Every web application has a unique user administration. How will IT consistently manage user and access management across all applications, when new applications are added and the business stays in control? How will IT ensure that when an employee leaves the organization the access to applications will be revoked?
User management is a key asset in dealing with the challenge of managing identities and managing, providing and governing user access to applications and information, both on-premise and in the Cloud. Within the IAM4Cloud services a comprehensive set of user management tools is provided to ensure control in a secure and auditable way.
- User store synchronization
IAM4Cloud doesn’t import or replicate any user store information regardless of whether it is deployed on-premises or in the cloud. IAM4Cloud syncs information near real-time between the primary user store and the web-based applications. Rules can be defined at own discretion to implement for syncing between a source and a target.
- Provisioning and de-provisioning
When it comes to managing provisioning and de-provisioning user accounts, the ability to manage accounts outside your network is crucial. As an identity provider there’s a continual challenge keeping user accounts synchronized with the connected applications. What’s needed is a way to automate management to keep these identity silos in sync.
IAM4Cloud automates provisioning by synchronizing with behind-the-firewall systems like Active Directory with 3rd party applications.
IAM4Cloud supports provisioning to most cloud applications. Within IAM4Cloud the provisioning rules for applications are generally related to group memberships. When a user is added to a group the applications will automatically be assigned to the user. Other authorization models are optionally supported.
Provisioning workflows manage the whole process from onboarding, promotion to offboarding users and their application assignments and credentials.

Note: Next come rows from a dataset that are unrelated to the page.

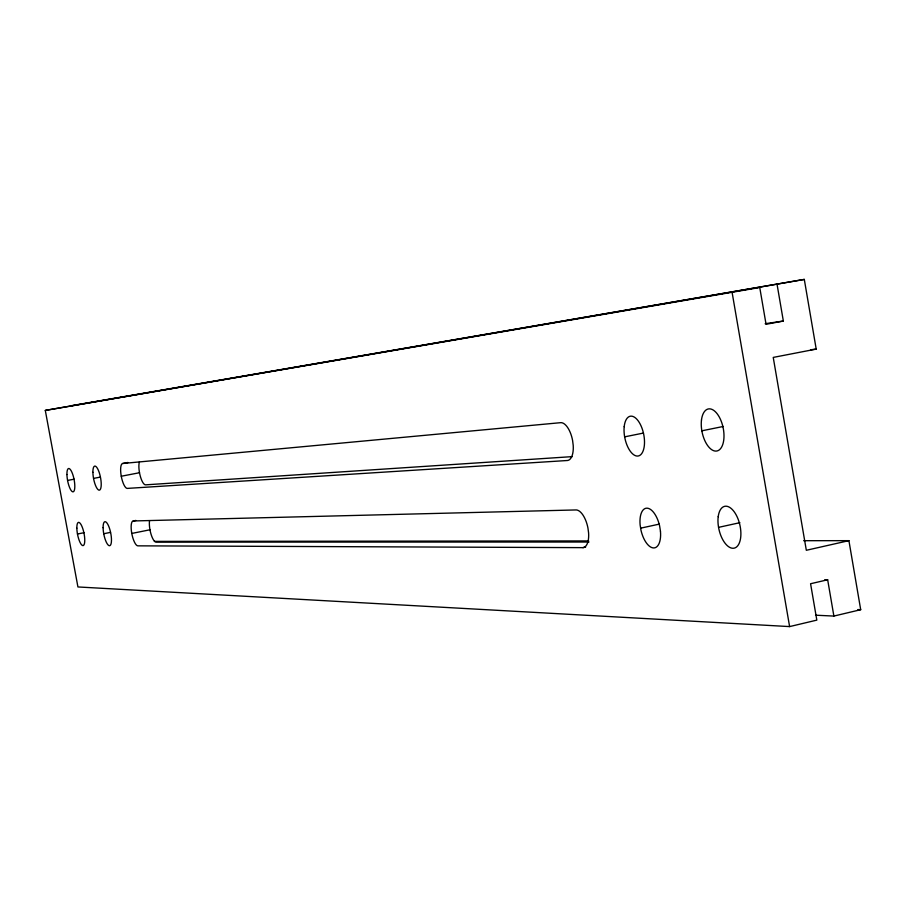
<?xml version="1.0" encoding="UTF-8"?>
<svg xmlns="http://www.w3.org/2000/svg" width="906" height="906" viewBox="0 0 906 906"><rect width="100%" height="100%" fill="white"/><g stroke="black" fill="none" stroke-linecap="round" stroke-linejoin="round"><path stroke-width="1.36" d="M848.911 540.655L806.329 550.282L773.237 357.417L816.204 349.093L804.302 279.41L45.3 410.407L77.927 586.952L789.613 626.59L816.827 620.123L810.576 583.736L827.665 579.772L833.882 616.069L860.7 609.693L848.911 540.655L803.645 540.701M718.56 527.36L739.874 522.683M640.644 528.164L659.398 524.098M135.889 520.44L133.284 520.961A12.661 3.737 78.6 0 0 131.778 533.441A12.661 3.737 78.6 0 0 137.848 545.842L582.92 547.643L585.638 547.054M701.844 430.814L723.26 426.466M103.737 533.736L110.521 532.377M131.778 533.441L149.966 529.784M624.63 436.851L643.475 433.057M77.463 534.008L84.065 532.694M93.544 478.402L100.351 477.1M121.268 476.239A12.673 3.749 79 0 1 122.729 463.476L560.429 422.694A19.23 8.641 78.6 0 1 572.592 440.463L573.215 445.424A19.23 8.641 78.6 0 1 567.496 460.497L127.304 488.402A12.673 3.749 79 0 1 121.268 476.239L139.501 472.728M122.729 463.476L127.961 462.479M67.576 480.44L74.19 479.172M777.065 284.359L783.35 321.041L766.057 324.291L759.749 287.508L45.3 410.407M71.744 405.616L804.302 279.41M765.162 323.714L783.35 321.041M810.587 349.795L816.204 349.093M572.298 456.624L145.594 484.846A12.639 3.828 79 0 1 140.226 475.933A12.639 3.828 79 0 1 139.433 461.834M133.284 520.961L575.627 509.953A19.219 8.607 77.7 0 1 587.937 527.983L588.594 532.921A19.219 8.607 77.7 0 1 582.92 547.643M154.405 541.392L588.651 540.927M588.945 542.026L156.092 542.128A12.627 3.817 78.6 0 1 151.132 534.517A12.627 3.817 78.6 0 1 149.49 521.029M824.834 579.704L827.665 579.772M857.869 609.568L860.7 609.693M815.536 615.197L833.882 616.069M732.127 292.536L789.613 626.59M660.451 531.199L659.625 525.967A20.272 9.558 77.4 0 0 647.122 508.175A20.272 9.558 77.4 0 0 640.134 524.982L640.961 530.135A20.272 9.558 77.4 0 0 653.452 547.937A20.272 9.558 77.4 0 0 660.451 531.199M66.931 474.529A11.869 3.284 79 0 0 73.012 491.845A11.869 3.284 79 0 0 72.661 474.166A11.869 3.284 79 0 0 66.931 474.529M76.84 528.141A11.857 3.284 78.7 0 0 82.933 545.616A11.857 3.284 78.7 0 0 82.627 528.164A11.857 3.284 78.7 0 0 76.84 528.141M92.899 472.298A12.265 3.511 79 0 0 99.264 490.18A12.265 3.511 79 0 0 99.014 471.913A12.265 3.511 79 0 0 92.899 472.298M103.103 527.666A12.242 3.499 78.7 0 0 109.49 545.729A12.242 3.499 78.7 0 0 109.275 527.7A12.242 3.499 78.7 0 0 103.103 527.666M701.482 419.999A21.461 10.747 78.4 0 0 716.193 451.086A21.461 10.747 78.4 0 0 720.191 418.81A21.461 10.747 78.4 0 0 701.482 419.999M718.209 516.68A21.45 10.691 77.1 0 0 732.988 548.277A21.45 10.691 77.1 0 0 737.099 516.76A21.45 10.691 77.1 0 0 718.209 516.68M624.2 426.647A20.283 9.604 78.5 0 0 637.677 456.058A20.283 9.604 78.5 0 0 640.916 425.582A20.283 9.604 78.5 0 0 624.2 426.647"/></g></svg>
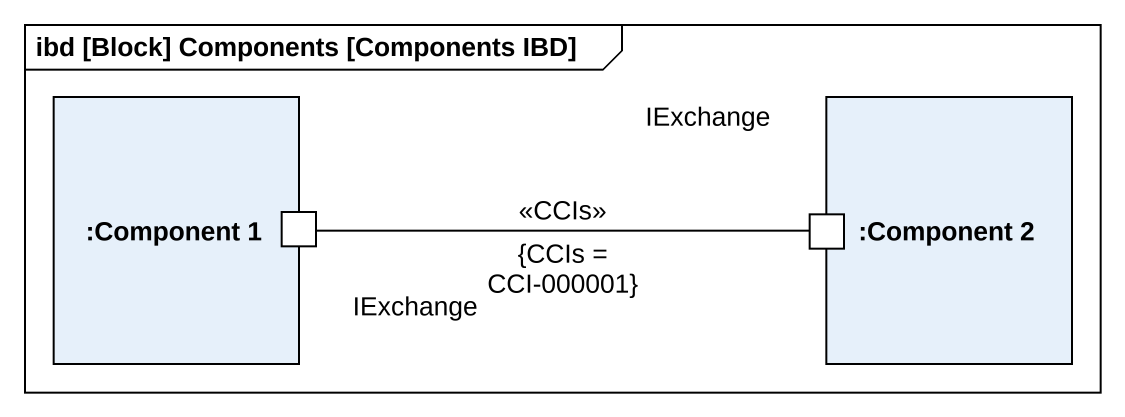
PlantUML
@startuml
mainframe ibd [Block] Components [Components IBD]
rectangle ":Component 1" as Component_1 {
  port IExchange
}
rectangle ":Component 2" as Component_2 {
  port "IExchange" as IExchange_2
}
IExchange -right- IExchange_2 : <<CCIs>>\n{CCIs = CCI-000001}
@enduml
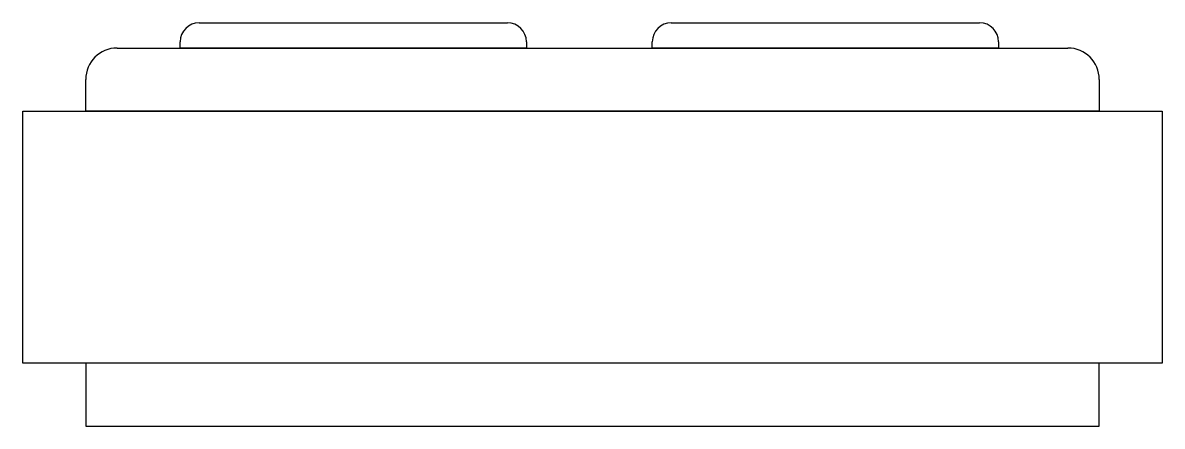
# Model space of a CAD drawing. Extents: x -10 to 171, y 0 to 64.
import ezdxf

# ---------------------------------------------------------------- set-up
doc = ezdxf.new("R2010")
doc.units = 0
doc.header["$MEASUREMENT"] = 0
doc.layers.get('0').update_dxf_attribs({"linetype": 'CONTINUOUS'})

msp = doc.modelspace()

# ---------------------------------------------------------------- linework, layer by layer
at = {"color": 0, "linetype": 'ByBlock'}
for p, q in [((18, 64), (67, 64)), ((93, 64), (142, 64)), ((5, 60), (156, 60)), ((15, 60), (15, 61)), ((70, 60), (15, 60)), ((70, 61), (70, 60)), ((90, 60), (90, 61)), ((145, 60), (90, 60)), ((145, 61), (145, 60)), ((0, 50), (0, 55)), ((161, 55), (161, 50)), ((161, 50), (0, 50))]:
    msp.add_line(p, q, dxfattribs=at)
for points in [[(-10, 10), (-10, 50), (171, 50), (171, 10)], [(0, 10), (0, 0), (161, 0), (161, 10)]]:
    msp.add_lwpolyline(points, close=True, dxfattribs=at)
for centre, radius, start, end in [((18, 61), 3, 90, 180), ((67, 61), 3, 0, 90), ((93, 61), 3, 90, 180), ((142, 61), 3, 0, 90), ((5, 55), 5, 90, 180), ((156, 55), 5, 0, 90)]:
    msp.add_arc(centre, radius, start, end, dxfattribs=at)

doc.saveas('drawing.dxf')

As soon as a user is disabled in or removed from the user directory, IAM4Cloud will make sure that the user will lose all credentials in the assigned applications.
- Self service
The platform also includes delegated administration that allows for department administrators or others to manage access for specific groups. This is particularly beneficial for large enterprises looking to unburden the central IT department by reducing help desk calls and resource constraints. It includes automated, self-service capabilities that enable end users to perform simple tasks as password resets, updates to basic profile information, requests for access to specific applications, etcetera.